Many investors do not appear to be convinced by the outcomes-oriented approach, based on their actions.
Assets under management in inflation-protected exchange-traded products increased by 74% in the last year, according to Securities and Exchange Commission data.
Additionally, as evidenced by these record inflows, inflationary fears may be spreading rather than remaining an outlier viewpoint. Moreover, it alludes to the fact that many investors believe that the US Federal Reserve and other central banks are potentially behind the curve when it comes to economic growth.
There is a substantial tail risk that central bankers will be unable to maintain price stability regardless of the outcome of the inflation debate. As a result, inflation hedges are gaining popularity, as evidenced by the increased inflows of funds discussed previously.
There is a small group of hard assets that we believe will outperform the market during an inflationary period, and we believe bitcoin is one of these assets.
Bitcoin as a hedge against inflation
From a theoretical standpoint, it makes sense that bitcoin would serve as a hedge against inflation.
The asset is what an economist would refer to as a “real asset,” which is defined as an asset with a limited and predictable supply that is frequently priced in US dollars.

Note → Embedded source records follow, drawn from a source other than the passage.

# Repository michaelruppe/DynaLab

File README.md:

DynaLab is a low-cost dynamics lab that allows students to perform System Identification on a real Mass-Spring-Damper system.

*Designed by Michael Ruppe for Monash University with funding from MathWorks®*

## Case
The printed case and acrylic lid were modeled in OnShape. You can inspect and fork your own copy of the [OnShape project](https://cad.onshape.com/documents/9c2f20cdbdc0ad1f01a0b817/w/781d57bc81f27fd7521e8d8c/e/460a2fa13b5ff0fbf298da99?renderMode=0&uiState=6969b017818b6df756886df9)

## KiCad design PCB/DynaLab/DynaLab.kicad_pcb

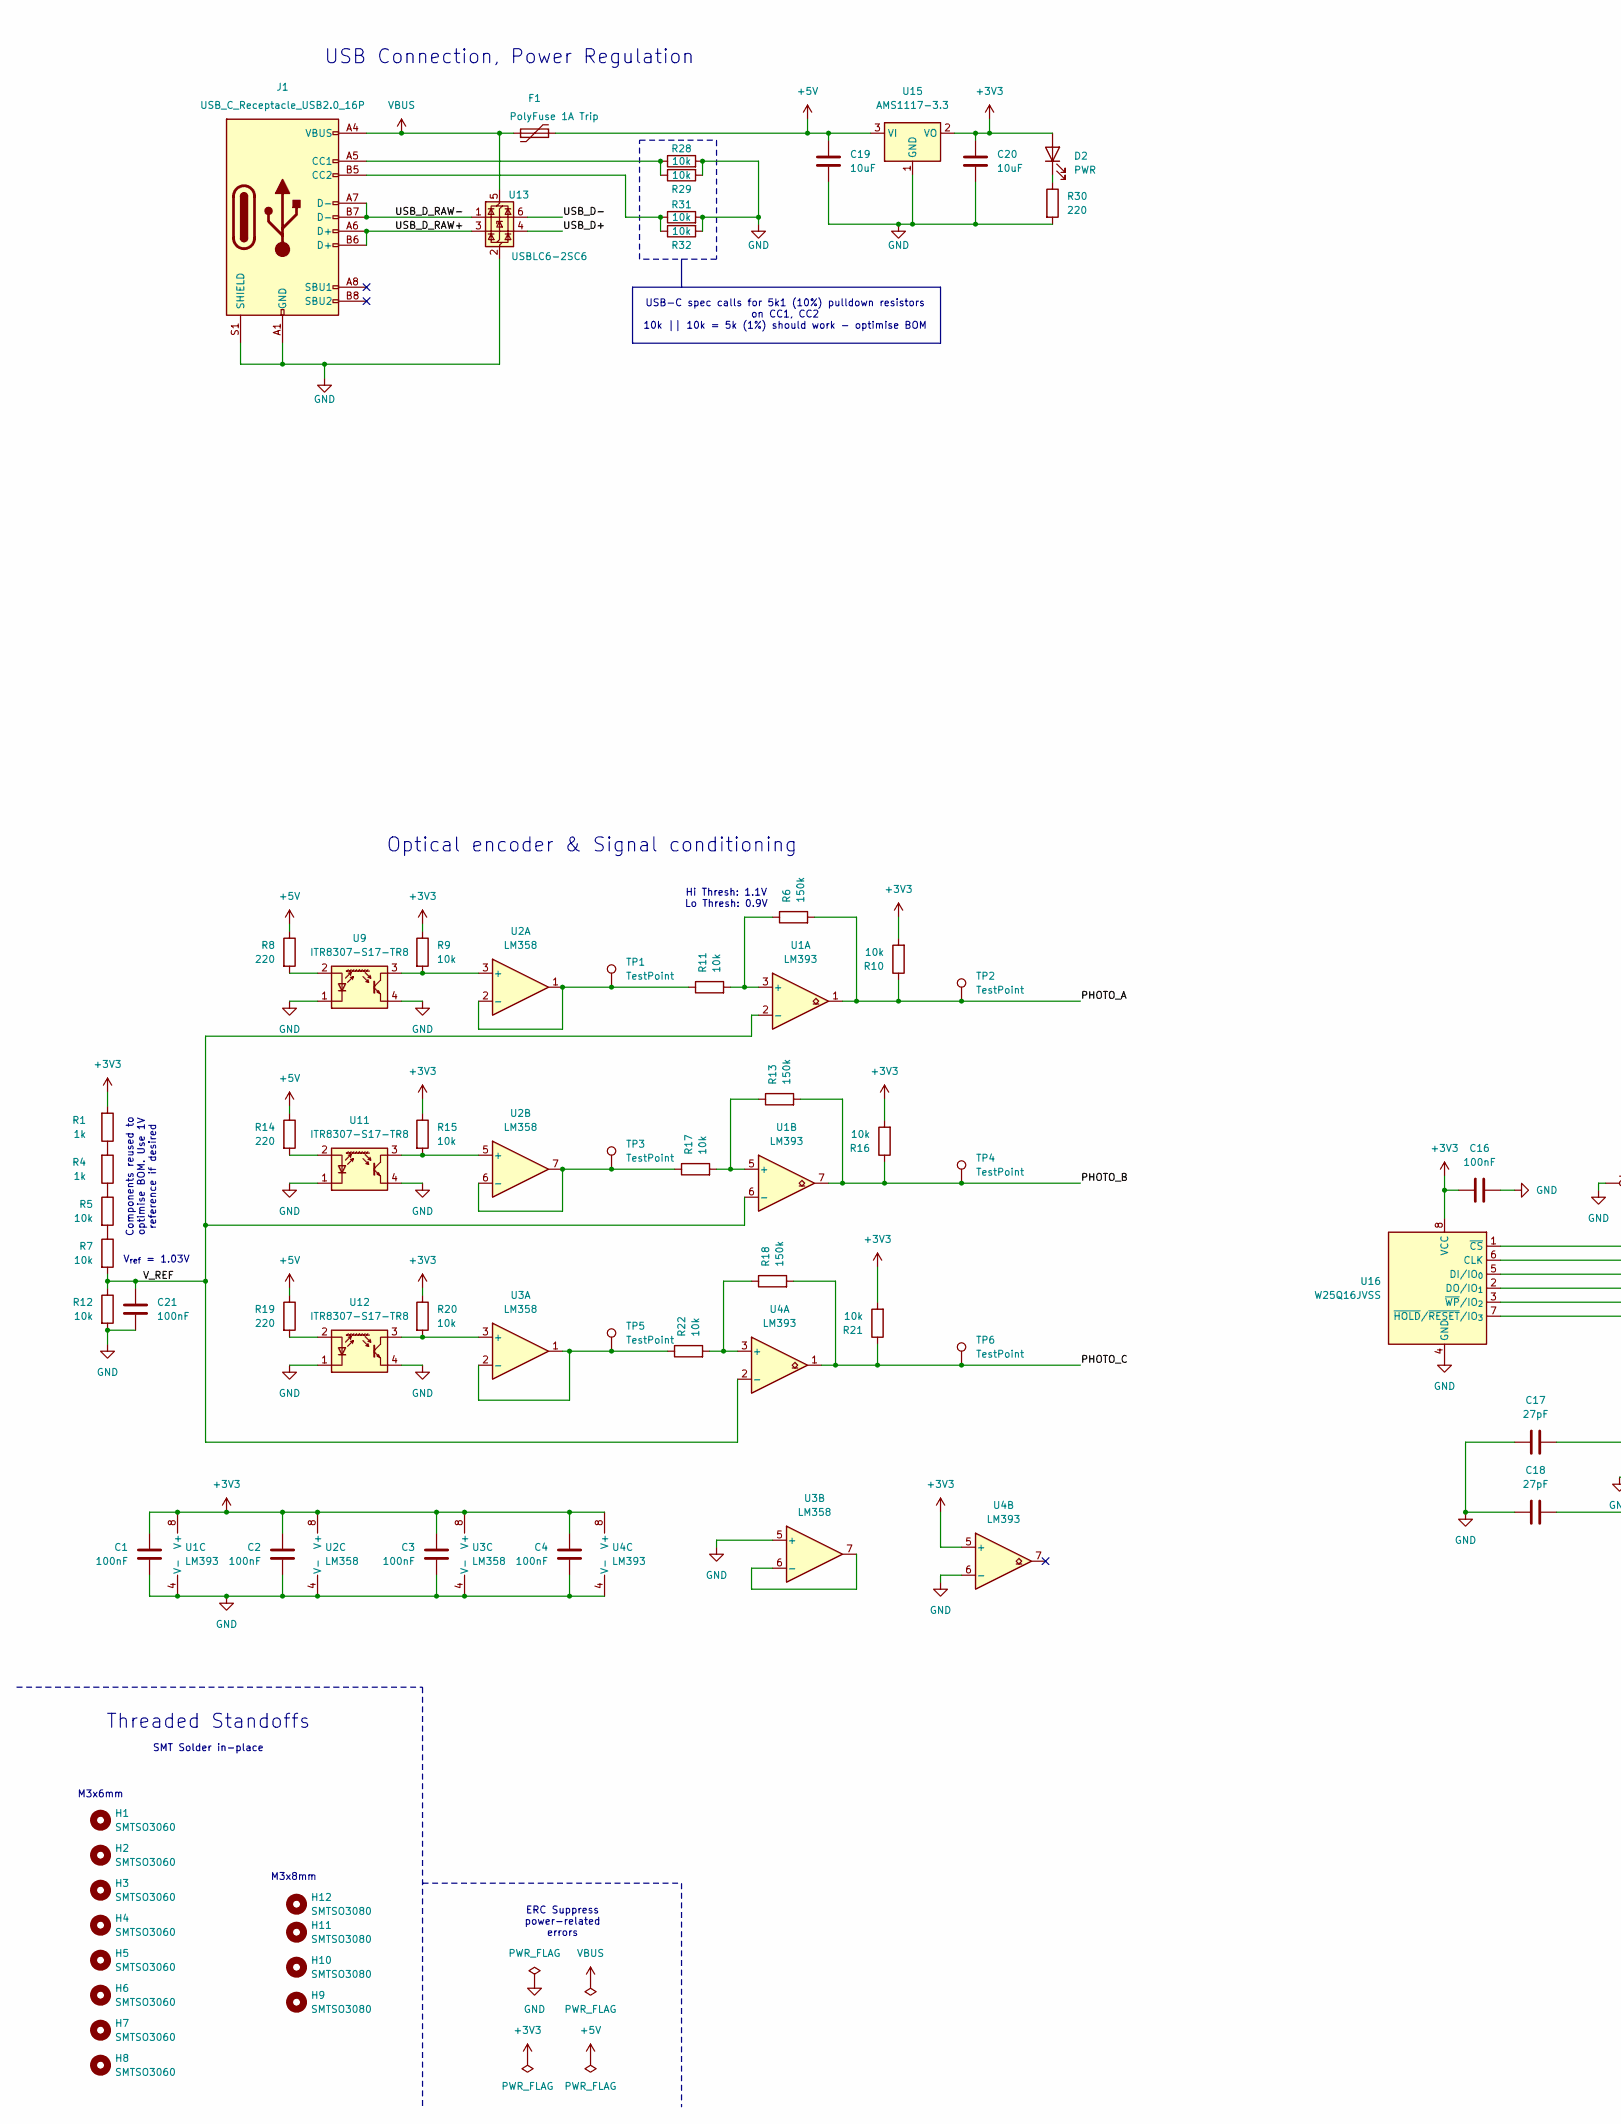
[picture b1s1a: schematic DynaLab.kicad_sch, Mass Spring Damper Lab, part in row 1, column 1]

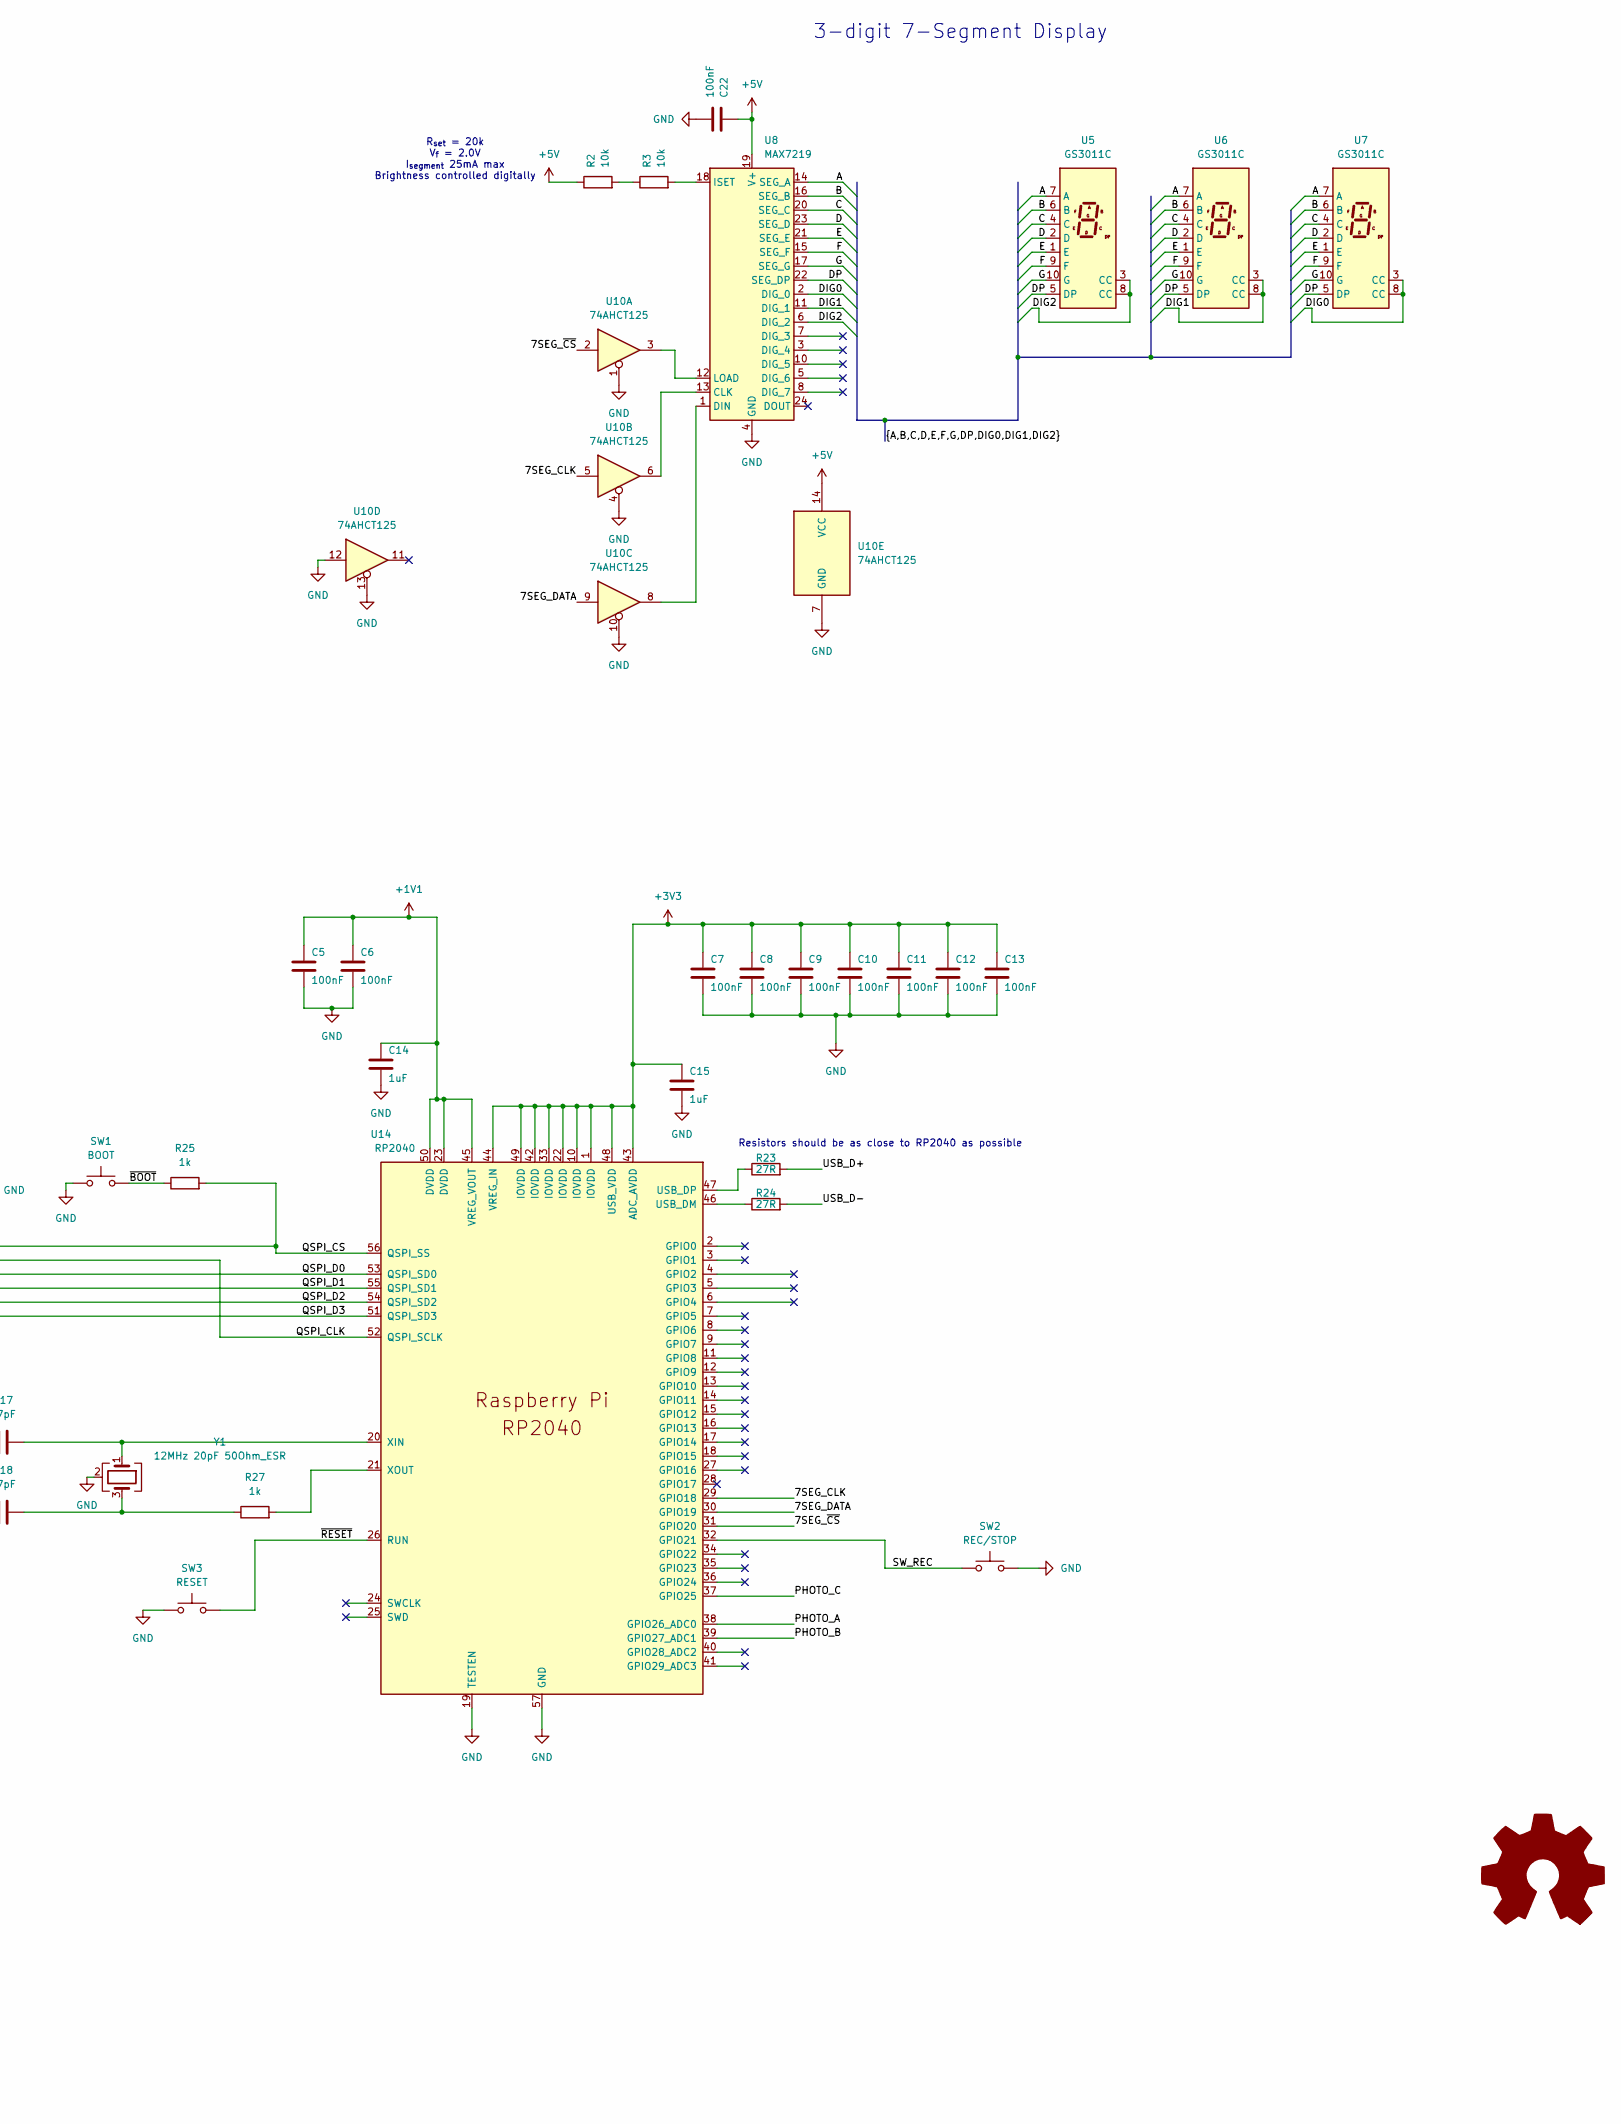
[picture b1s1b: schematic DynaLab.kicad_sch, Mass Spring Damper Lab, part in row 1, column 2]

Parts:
C1, C2, C3, C4, C5, C6, C7, C8, C9, C10, C11, C12, C13, C16, C21, C22: 100nF; C_0603_1608Metric; LCSC Part # C14663
C14, C15: 1uF; C_0603_1608Metric; LCSC Part # C15849
C17, C18: 27pF; C_0603_1608Metric; LCSC Part # C1656
C19, C20: 10uF; C_0603_1608Metric; LCSC Part # C19702
D2: PWR; LED_0603_1608Metric; LCSC Part # C965807
F1: PolyFuse 1A Trip; R_1206_3216Metric; LCSC Part # C720075
H1, H2, H3, H4, H5, H6, H7, H8: SMTSO3060; MountingHole_SMTSO3060_3.2mm_M3; LCSC Part # C2915637
H9, H10, H11, H12: SMTSO3080; MountingHole_SMTSO3080_3.2mm_M3; LCSC Part # C2916369
J1: USB_C_Receptacle_USB2.0_16P; USB_C_Receptacle_HCTL_HC-TYPE-C-16P-01A; LCSC Part # C2894897
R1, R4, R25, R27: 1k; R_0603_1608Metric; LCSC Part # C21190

If the supply of US dollars or any other fiat currency is increasing, or if the supply of any other fiat currency is decreasing, then it is likely that bitcoin will appreciate in value relative to those currencies, even if its purchasing power remains stagnant.
According to the available data, bitcoin is beginning to play the role of inflation hedge.
Studying how prices have changed over time in relation to changes in inflation over two-year periods since it was established in 2009 reveals that the relationship is becoming stronger, with an R2 of 0.30 at the current time (since 2019).
In addition, the relationship between bitcoin and inflation is currently more favorable than the relationship between inflation and gold at this time.
Citi compiles an index that tracks unexpected, or ‘surprise’ inflation, by measuring inflation forecasts versus delivered results.
When inflation rates exceed zero, inflation exceeds expectations, and vice versa. Additionally, despite the fact that this association is relatively recent, Bitcoin has a recent but potentially compelling association with unexpected inflation. We discovered during our investigation that bitcoin appears to respond positively when inflation figures exceed expectations, rising when actual inflation figures exceed expectations.
We acknowledge that the relationship between bitcoin and inflation is most likely inconclusive at the moment due to the study’s small sample size. Finally, it’s worth noting that the relationship has steadily improved over time, bolstering the case for bitcoin as a legitimate financial asset.
Bitcoin is maturing as an investment vehicle.
A growing body of evidence indicates that bitcoin is gaining in value. Following the Federal Open Market Committee’s most recent statement (16th June), in which an unexpectedly hawkish tone was expressed, silver and gold prices moved in strikingly similar directions. Bitcoin is behaving as investors would expect a real asset to behave, increasing in value as the US dollar declines and decreasing in value as the dollar rises, as demonstrated by the chart above.
Despite the fact that we have no way of knowing how inflation will behave over the next five years, we believe that adding bitcoin and other real assets to portfolios is a prudent move to protect them from the risk of inflation spiraling out of control. Bitcoin’s inflation-protective properties are becoming increasingly clear, as evidenced by increased investor participation and an improvement in its relationship with consumer prices, which was previously a theoretical concept.